Remember, Indiana Partnership policies protect assets—not income.


Important Note: The Medicaid program uses the term "resources" to mean assets. The Medicaid program distinguishes resources and income in determining eligibility and calculating the amount that a Medicaid recipient must contribute to medical expenses. The Indiana Partnership policy asset disregard applies to resources. Whether a resource or income is counted, and how it affects eligibility, depends on many factors. The information below is general in nature only. It is intended to give examples of certain types of resources and income. There are many other types of resources and income that might affect Medicaid eligibility. The listing of an item below does not necessarily mean that it will count toward Medicaid eligibility; depending on an individual’s circumstances, some resources and income might be exempt or unavailable for Medicaid purposes. For a determination of a specific individual’s circumstance, the circumstance and all related documents should be submitted to Mike Staresnick, 402 W. Washington St., Rm. W382, Indianapolis, Indiana, 46204, for a thorough review.

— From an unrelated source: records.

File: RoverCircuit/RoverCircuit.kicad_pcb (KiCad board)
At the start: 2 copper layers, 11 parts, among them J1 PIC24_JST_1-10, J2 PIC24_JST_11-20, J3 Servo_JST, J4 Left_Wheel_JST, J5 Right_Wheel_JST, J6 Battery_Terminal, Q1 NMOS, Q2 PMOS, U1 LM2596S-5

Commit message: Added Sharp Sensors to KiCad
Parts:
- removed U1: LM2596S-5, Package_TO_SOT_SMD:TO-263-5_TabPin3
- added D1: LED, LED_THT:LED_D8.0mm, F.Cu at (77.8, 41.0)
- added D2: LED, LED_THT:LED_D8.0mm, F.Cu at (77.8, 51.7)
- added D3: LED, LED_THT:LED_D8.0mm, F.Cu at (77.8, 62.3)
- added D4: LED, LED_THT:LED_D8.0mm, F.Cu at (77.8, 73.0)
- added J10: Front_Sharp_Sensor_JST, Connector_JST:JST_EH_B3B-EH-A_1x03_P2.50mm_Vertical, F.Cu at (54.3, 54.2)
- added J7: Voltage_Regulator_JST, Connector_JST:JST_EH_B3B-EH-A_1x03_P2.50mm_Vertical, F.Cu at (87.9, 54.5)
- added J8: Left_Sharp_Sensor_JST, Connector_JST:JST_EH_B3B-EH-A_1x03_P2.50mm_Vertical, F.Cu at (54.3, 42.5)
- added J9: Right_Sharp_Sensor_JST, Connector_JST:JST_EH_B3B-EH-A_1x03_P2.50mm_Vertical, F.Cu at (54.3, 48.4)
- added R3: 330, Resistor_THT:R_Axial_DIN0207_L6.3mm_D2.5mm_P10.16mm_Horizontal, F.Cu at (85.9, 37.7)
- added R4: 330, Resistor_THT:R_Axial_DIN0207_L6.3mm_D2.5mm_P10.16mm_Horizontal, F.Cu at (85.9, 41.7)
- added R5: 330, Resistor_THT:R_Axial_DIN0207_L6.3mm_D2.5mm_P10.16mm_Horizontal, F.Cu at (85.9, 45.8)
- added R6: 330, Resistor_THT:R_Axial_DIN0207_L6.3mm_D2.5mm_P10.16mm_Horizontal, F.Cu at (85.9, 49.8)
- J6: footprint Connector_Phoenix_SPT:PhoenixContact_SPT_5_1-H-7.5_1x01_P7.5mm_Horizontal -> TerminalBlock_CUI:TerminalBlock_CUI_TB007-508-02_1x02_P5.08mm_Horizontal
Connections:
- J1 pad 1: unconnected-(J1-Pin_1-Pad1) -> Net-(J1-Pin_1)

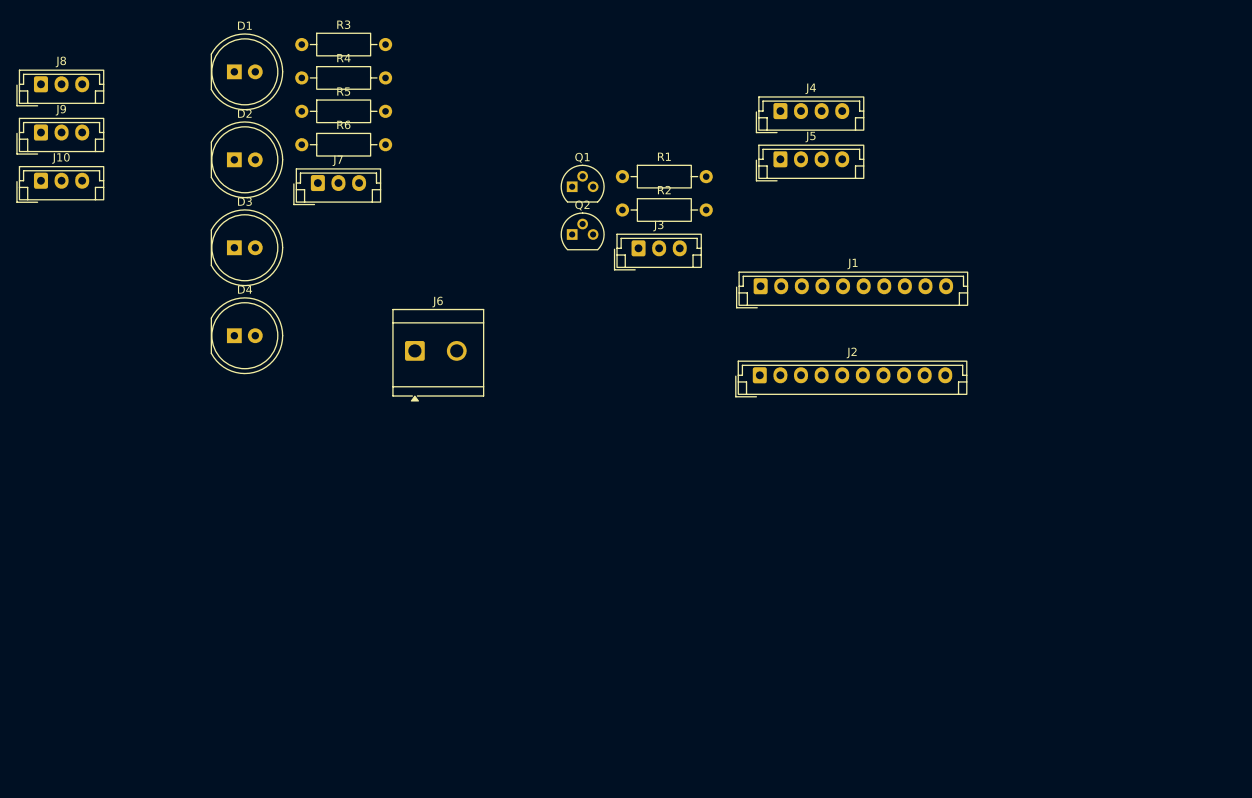
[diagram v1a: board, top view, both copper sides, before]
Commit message: Finalized rover circuit schematic, first version of QRD circuit
rover circuit layout and traces not finished yet
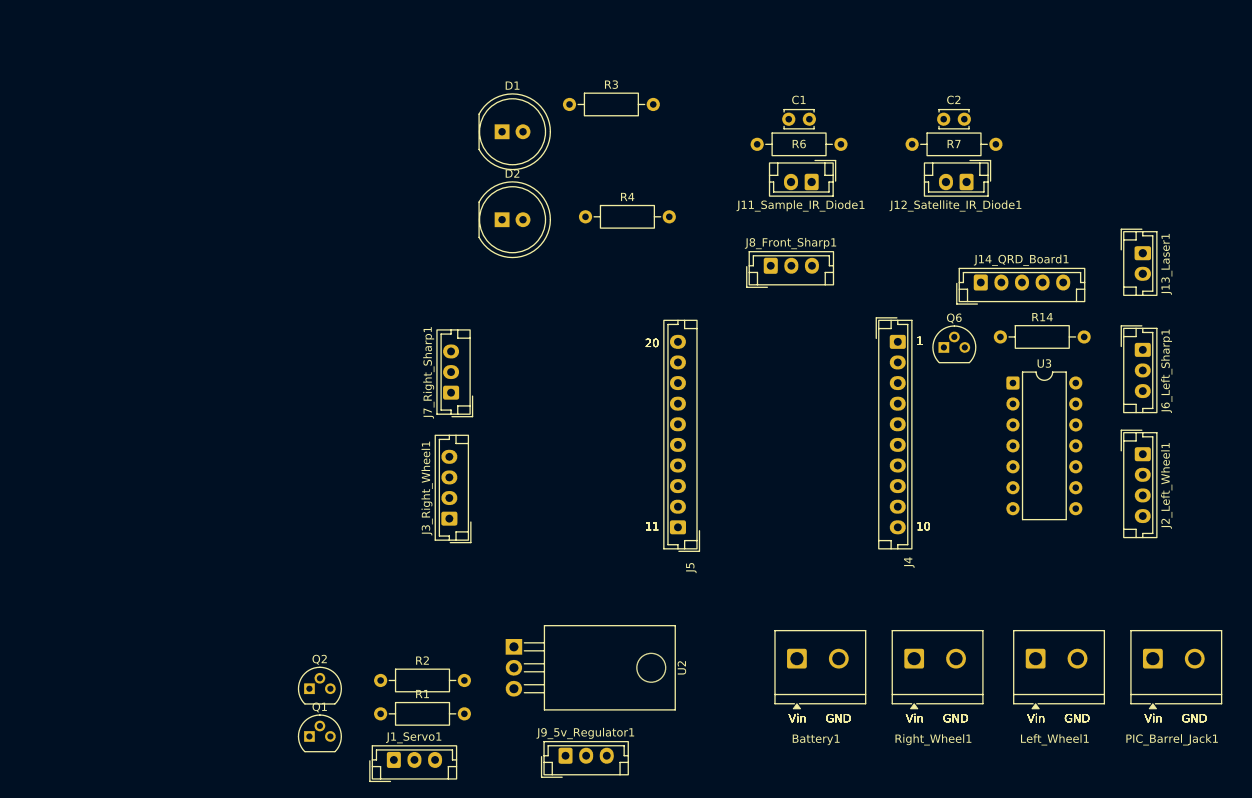
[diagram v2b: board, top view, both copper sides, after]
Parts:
- removed D3, D4: LED, LED_THT:LED_D8.0mm
- removed R5: 330, Resistor_THT:R_Axial_DIN0207_L6.3mm_D2.5mm_P10.16mm_Horizontal
- added C1: 0.1uF, Capacitor_THT:C_Disc_D3.4mm_W2.1mm_P2.50mm, F.Cu at (145.0, 46.7)
- added C2: 0.1uF, Capacitor_THT:C_Disc_D3.4mm_W2.1mm_P2.50mm, F.Cu at (163.8, 46.7)
- added J11_Sample_IR_Diode1: JST_2Pin_P2.54_V, Connector_JST:JST_EH_B2B-EH-A_1x02_P2.50mm_Vertical, F.Cu at (147.8, 54.4)
- added J12_Satellite_IR_Diode1: JST_2Pin_P2.54_V, Connector_JST:JST_EH_B2B-EH-A_1x02_P2.50mm_Vertical, F.Cu at (166.6, 54.4)
- added J13_Laser1: JST_2Pin_P2.54_V, Connector_JST:JST_EH_B2B-EH-A_1x02_P2.50mm_Vertical, F.Cu at (188.0, 63.0)
- added J14_QRD_Board1: JST_5Pin_P2.54_V, Connector_JST:JST_EH_B5B-EH-A_1x05_P2.50mm_Vertical, F.Cu at (168.3, 66.5)
- added Left_Wheel1: Left_Wheel_Power_Terminal, Custom_Library:screw_terminal, F.Cu at (177.7, 112.5)
- added PIC_Barrel_Jack1: PIC_Power_Terminal, Custom_Library:screw_terminal, F.Cu at (191.9, 112.5)
- added Q6: NMOS, Package_TO_SOT_THT:TO-92, F.Cu at (163.8, 74.4)
- added R14: 10kΩ, Resistor_THT:R_Axial_DIN0207_L6.3mm_D2.5mm_P10.16mm_Horizontal, F.Cu at (170.7, 73.2)
- added R7: 1MΩ, Resistor_THT:R_Axial_DIN0207_L6.3mm_D2.5mm_P10.16mm_Horizontal, F.Cu at (160.0, 49.8)
- added Right_Wheel1: Right_Wheel_Terminal, Custom_Library:screw_terminal, F.Cu at (162.9, 112.5)
- added U2: LM1117T-3.3, Package_TO_SOT_THT:TO-220-3_Horizontal_TabDown, F.Cu at (111.7, 110.7)
- added U3: LM324, Package_DIP:DIP-14_W7.62mm, F.Cu at (172.2, 78.7)
- Battery1: renamed from J6; footprint TerminalBlock_CUI:TerminalBlock_CUI_TB007-508-02_1x02_P5.08mm_Horizontal -> Custom_Library:screw_terminal
- J1_Servo1: renamed from J3; value Servo_JST -> JST_3Pin_P2.54_V
- J2_Left_Wheel1: renamed from J4; value Left_Wheel_JST -> JST_4Pin_P2.54_V
- J3_Right_Wheel1: renamed from J5; value Right_Wheel_JST -> JST_4Pin_P2.54_V
- J4: renamed from J1; value PIC24_JST_1-10 -> JST_10Pin_P2.54_V
- J5: renamed from J2; value PIC24_JST_11-20 -> JST_10Pin_P2.54_V
- J6_Left_Sharp1: renamed from J8; value Left_Sharp_Sensor_JST -> JST_3Pin_P2.54_V
- J7_Right_Sharp1: renamed from J9; value Right_Sharp_Sensor_JST -> JST_3Pin_P2.54_V
- J8_Front_Sharp1: renamed from J10; value Front_Sharp_Sensor_JST -> JST_3Pin_P2.54_V
- J9_5v_Regulator1: renamed from J7; value Voltage_Regulator_JST -> JST_3Pin_P2.54_V
- R6: value 330 -> 1MΩ
- moved J6_Left_Sharp1 137.5 mm to (188.0, 74.7), turned to -90 degrees
- moved J8_Front_Sharp1 89.1 mm to (142.8, 64.5)
- moved J9_5v_Regulator1 75.7 mm to (117.9, 124.0)
- moved J1_Servo1 68.8 mm to (97.1, 124.5)
- moved Q1 68.7 mm to (86.9, 121.6)
- moved Q2 68.7 mm to (86.9, 115.8)
- moved R1 67.8 mm to (95.5, 118.9)
- moved R2 67.8 mm to (95.5, 114.8)
- moved Battery1 61.9 mm to (148.7, 112.5)
- moved J2_Left_Wheel1 60.5 mm to (188.0, 87.4), turned to -90 degrees
- moved J3_Right_Wheel1 59.3 mm to (103.8, 95.2), turned to 90 degrees
- moved J7_Right_Sharp1 58.9 mm to (104.0, 79.9), turned to 90 degrees
- moved R6 55.2 mm to (141.2, 49.8)
- moved R4 38.3 mm to (120.4, 58.6)
- moved D1 33.3 mm to (110.2, 48.3)
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- renumbered Q2 to Q1, Q1 to Q2, R2 to R1, R1 to R2
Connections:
- net +3V3 renamed Net-(J5-Pin_10)
- Battery1 pad 1: /9v_Rail -> Net-(Battery1-Pin_1)
- J4 pad 10: /Debug_LED_3 -> /Debug_LED_2
- J4 pad 8: /Debug_LED_1 -> /Right_Of_Line_QRD_Input
- J4 pad 9: /Debug_LED_2 -> /Debug_LED_1
- J5 pad 11: /Debug_LED_4 -> /Laser_Output
- J9_5v_Regulator1 pad 2: /9v_Rail -> /12v_Rail
- R6 pad 1: GND -> Net-(J11_Sample_IR_Diode1-Pin_1)
- R6 pad 2: Net-(D4-K) -> /Sample_Collection_IR_Input
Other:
- board text added: "1"
- board text added: "10"
- board text added: "11"
- board text added: "20"
- board text added: "GND"
- board text added: "Vin"

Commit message: Added low pass filters on every analog input
Used R=150, C=0.1uF to attenuate frequencies above the frequency of how fast the AD converter will read each signal.
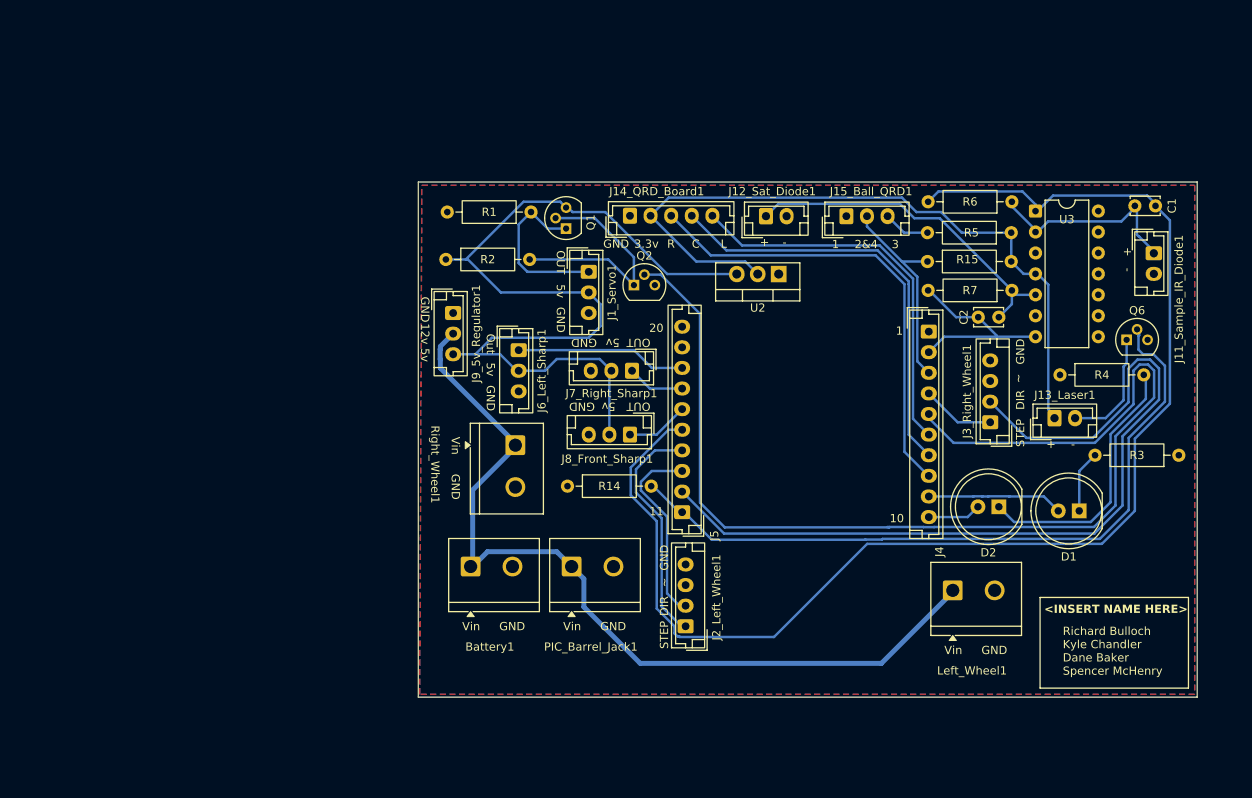
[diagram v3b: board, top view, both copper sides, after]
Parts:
- added J15_Ball_QRD1: JST_3Pin_P2.54_V, Connector_JST:JST_EH_B3B-EH-A_1x03_P2.50mm_Vertical, F.Cu at (152.0, 58.5)
- added R15: 10kΩ, Resistor_THT:R_Axial_DIN0207_L6.3mm_D2.5mm_P10.16mm_Horizontal, F.Cu at (161.8, 64.0)
- added R5: 330Ω, Resistor_THT:R_Axial_DIN0207_L6.3mm_D2.5mm_P10.16mm_Horizontal, F.Cu at (172.0, 60.5)
- U2: footprint Package_TO_SOT_THT:TO-220-3_Horizontal_TabDown -> Package_TO_SOT_THT:TO-220-3_Vertical
- moved R3 85.3 mm to (192.3, 87.5), turned to 180 degrees
- moved D1 83.8 mm to (180.2, 94.2), turned to 180 degrees
- moved J6_Left_Sharp1 75.7 mm to (112.2, 74.8)
- moved PIC_Barrel_Jack1 71.4 mm to (121.4, 101.3)
- moved D2 69.6 mm to (170.5, 93.8), turned to 180 degrees
- moved Q1 69.0 mm to (118.0, 60.0), turned to 90 degrees
- moved J3_Right_Wheel1 66.6 mm to (169.4, 83.5)
- moved J1_Servo1 63.8 mm to (120.8, 65.2), turned to -90 degrees
- moved R1 63.5 mm to (113.8, 58.0), turned to 180 degrees
- moved Q2 62.8 mm to (126.2, 66.9)
- moved R4 60.7 mm to (177.9, 77.8)
- moved J2_Left_Wheel1 59.3 mm to (132.5, 108.2), turned to 90 degrees
- moved Right_Wheel1 56.6 mm to (111.5, 89.0), turned to -90 degrees
- moved R14 55.5 mm to (118.2, 91.2)
- moved U2 55.5 mm to (143.8, 65.5), turned to 180 degrees
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- renumbered J12_Satellite_IR_Diode1 to J12_Sat_Diode1
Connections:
- Battery1 pad 1: Net-(Battery1-Pin_1) -> /12v_Rail
- D1 pad 2: unconnected-(D1-A-Pad2) -> /Debug_LED_1
- D2 pad 2: unconnected-(D2-A-Pad2) -> /Debug_LED_2
- J1_Servo1 pad 1: /5v_Rail -> Net-(J1_Servo1-Pin_1)
- Q1 pad 1: Net-(Q1-D) -> Net-(J1_Servo1-Pin_1)
- R1 pad 1: Net-(Q1-D) -> Net-(J1_Servo1-Pin_1)
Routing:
- net /Sample_Collection_IR_Input: track 0.00 -> 163.1 mm
- net /Servo_PWM: track 0.00 -> 138.7 mm
- net /5v_Rail: track 0.00 -> 109.1 mm
- net /12v_Rail: track 0.00 -> 105.5 mm
- net /Right_Wheel_DIR: track 0.00 -> 104.5 mm
- net /3.3v_Rail: track 0.00 -> 87.8 mm
- net /Laser_Output: track 0.00 -> 87.7 mm
- net /Right_Of_Line_QRD_Input: track 0.00 -> 56.2 mm
- net /On_Line_QRD_Input: track 0.00 -> 51.7 mm
- net /Left_Of_Line_QRD_Input: track 0.00 -> 47.2 mm
- net Net-(J12_Sat_Diode1-Pin_1): track 0.00 -> 42.1 mm
- net Net-(D2-K): track 0.00 -> 32.5 mm
- net /Left_Wheel_Step: track 0.00 -> 28.8 mm
- net Net-(Q1-G): track 0.00 -> 28.5 mm
- net /Ball_Color_QRD_Input: track 0.00 -> 25.2 mm
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- added copper zone on B.Cu, net GND
- added copper zone on F.Cu, net GND
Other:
- board outline added: 94.5 x 62.5 mm
- board text added: "<INSERT NAME HERE>"
- board text added: "Richard Bulloch Kyle Chandler Dane Baker Spencer McHenry"
- board text removed: "1"
- board text removed: "10"
- board text removed: "11"
- board text removed: "20"
- board text removed: "GND"
- board text removed: "Vin"

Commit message: Added signal conditioning and reorganized the PCB
Also added bulk capacitors on each power rail
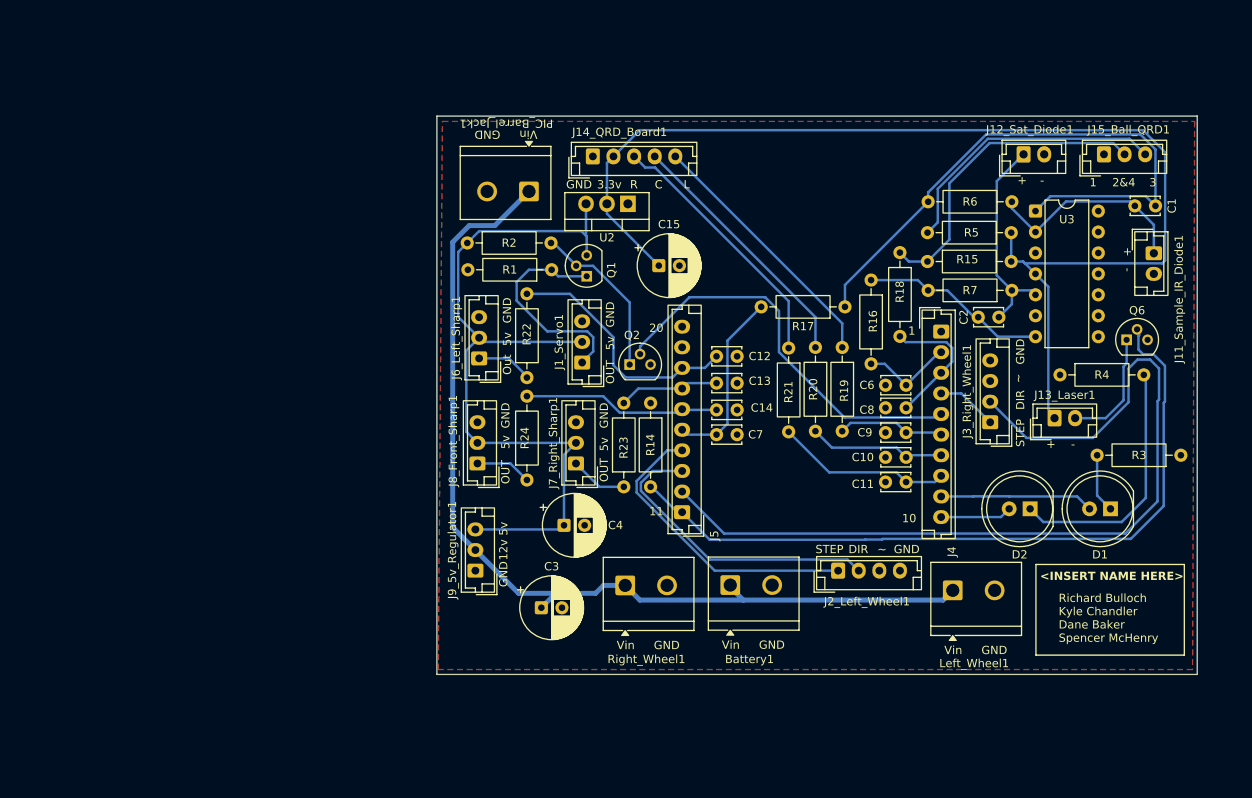
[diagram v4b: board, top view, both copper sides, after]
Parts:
- added C10: 0.1uF, Capacitor_THT:C_Disc_D3.4mm_W2.1mm_P2.50mm, F.Cu at (159.2, 87.8)
- added C11: 0.1uF, Capacitor_THT:C_Disc_D3.4mm_W2.1mm_P2.50mm, F.Cu at (159.2, 90.8)
- added C12: 0.1uF, Capacitor_THT:C_Disc_D3.4mm_W2.1mm_P2.50mm, F.Cu at (136.2, 75.5)
- added C13: 0.1uF, Capacitor_THT:C_Disc_D3.4mm_W2.1mm_P2.50mm, F.Cu at (136.2, 78.8)
- added C14: 0.1uF, Capacitor_THT:C_Disc_D3.4mm_W2.1mm_P2.50mm, F.Cu at (136.2, 82.0)
- added C15: 100uF, Capacitor_THT:CP_Radial_D7.5mm_P2.50mm, F.Cu at (129.2, 64.5)
- added C3: 100uF, Capacitor_THT:CP_Radial_D7.5mm_P2.50mm, F.Cu at (115.0, 106.0)
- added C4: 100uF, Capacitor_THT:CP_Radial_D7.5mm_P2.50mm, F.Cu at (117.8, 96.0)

  • Annuities: Prior to being annuitized, the balance is a resource. After it is annuitized, the payments are income in the month received**. Withdrawals prior to annuitization are considered resources.
  • Bank Accounts and Certificates of Deposit: The balance on the *first day of the month is a resource. Interest earned is income in the month received.
  • IRAs: Balance in the account on the *first day of the month (minus any penalty the person would incur for early withdrawal if under age 59 ½) is a resource. Dividends and interest earned is income in the month received. Withdrawals are considered resources (including minimum distributions).
  • Life Insurance with Cash Value: The cash value is considered a resource.
  • Mutual Funds: Balance in the account on the *first day of the month is a resource. Dividends or interest are income in the month received. Capital gains distributions to the fund’s shareholders are income. Shares that are redeemed are resources.
  • Retirement Plans: Whether it is considered a resource or income depends upon multiple factors. Each retirement plan would need to be reviewed and considered separately.
  • Stocks and Bonds: Balance on the *first day of the month, based on current share price, is a resource. Dividends are income during the month received. Shares that are redeemed are considered resources.

*"First day of the month" – Medicaid is concerned about the applicant’s financial picture as of the first moment of the first day of the month in which the applicant would be receiving benefits. For more information about how the date of application affects the date benefits begin, contact your local office of Family and Children.

**Income earned from resources is counted as income regardless of whether it is paid directly to the recipient or reinvested into the resource.